Co-design of analog to digital interface and digital signal processing architecture

Conventional signal processing optimizes the operation of A/D conversion and digital signal processing as two separate tasks with two separate objectives and performance measure such as signal reconstruction and signal detection. Oversampling linear feedback coders can be viewed as simple precise encoders for analog signals. While oversampling technique has received wide attention, its full potential is not realized because of the lack of an optimum decoder. The objectives are design of new decoders and decimation filters to increase performance and/or feasibility of digital implementation of several signal processing tasks. A new decoding method is proposed in this dissertation which uses the inherent signal flow structure of an encoder to achieve an optimal decoding. The proposed decoding method can achieve the following advantages in comparison with the other decoding methods: (A) high resolution, much lower mean square error; (B) consistent output compared to the sinc filter or other linear decoding methods; (C) much shorter latency compare to FIR filters; (D) input noise reduction.

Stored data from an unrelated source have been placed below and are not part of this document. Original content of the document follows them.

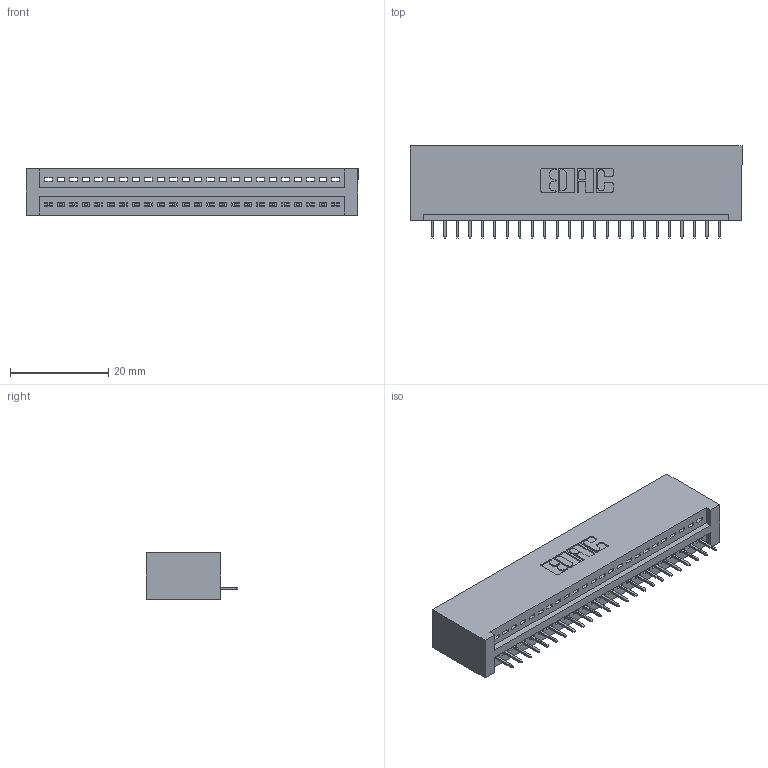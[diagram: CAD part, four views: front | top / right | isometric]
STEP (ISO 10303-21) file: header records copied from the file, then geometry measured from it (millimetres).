
FILE_DESCRIPTION (( 'STEP AP203' ), '1' );
FILE_NAME ('345-024-525-101.STEP', '2020-09-19T07:56:50', ( '' ), ( '' ), 'SwSTEP 2.0', 'SolidWorks 2020', '' );
FILE_SCHEMA (( 'CONFIG_CONTROL_DESIGN' ));
Length unit declared in the file: inch
Products named in the file (3): 345 Part_No Mounting Lugs; 345-024-525-101; 345-292-001_345-293-125
Assembly tree (25 placements, depth 2):
  345-024-525-101
    345 Part_No Mounting Lugs
    345-292-001_345-293-125  x24
Bounding box: 67.56 x 18.72 x 9.4 mm (x, y, z)
Volume: 6756.2 mm3; surface area: 8597.1 mm2
Topology: 25 solids, 25 shells, 1606 faces, 4637 edges, 2994 vertices
Faces by surface type: plane 1180, cylinder 426
Entity records: 20283 total; most frequent: CARTESIAN_POINT 3520, ORIENTED_EDGE 3478, DIRECTION 3095, EDGE_CURVE 1739, VECTOR 1523, LINE 1523, VERTEX_POINT 1154, AXIS2_PLACEMENT_3D 786

A methodology for design and performance evaluation of a noise-shaping encoder/decoder system is introduced which is able to take into account distortion of input signal passing through a nonlinear encoder. Improving signal processing realizations of signal acquisition system and data communication system blocks such as analog to digital interface and embeded filtering, match filtering and symbol detection are the ultimate goals of our research. Having an A/D interface with a large dynamic range lets us transfer many signal processing tasks such as channel selection and interference rejection to the digital side in a digital receiver. This will reemphasize the importance of the efficient decimation filter design from overall performance point of view.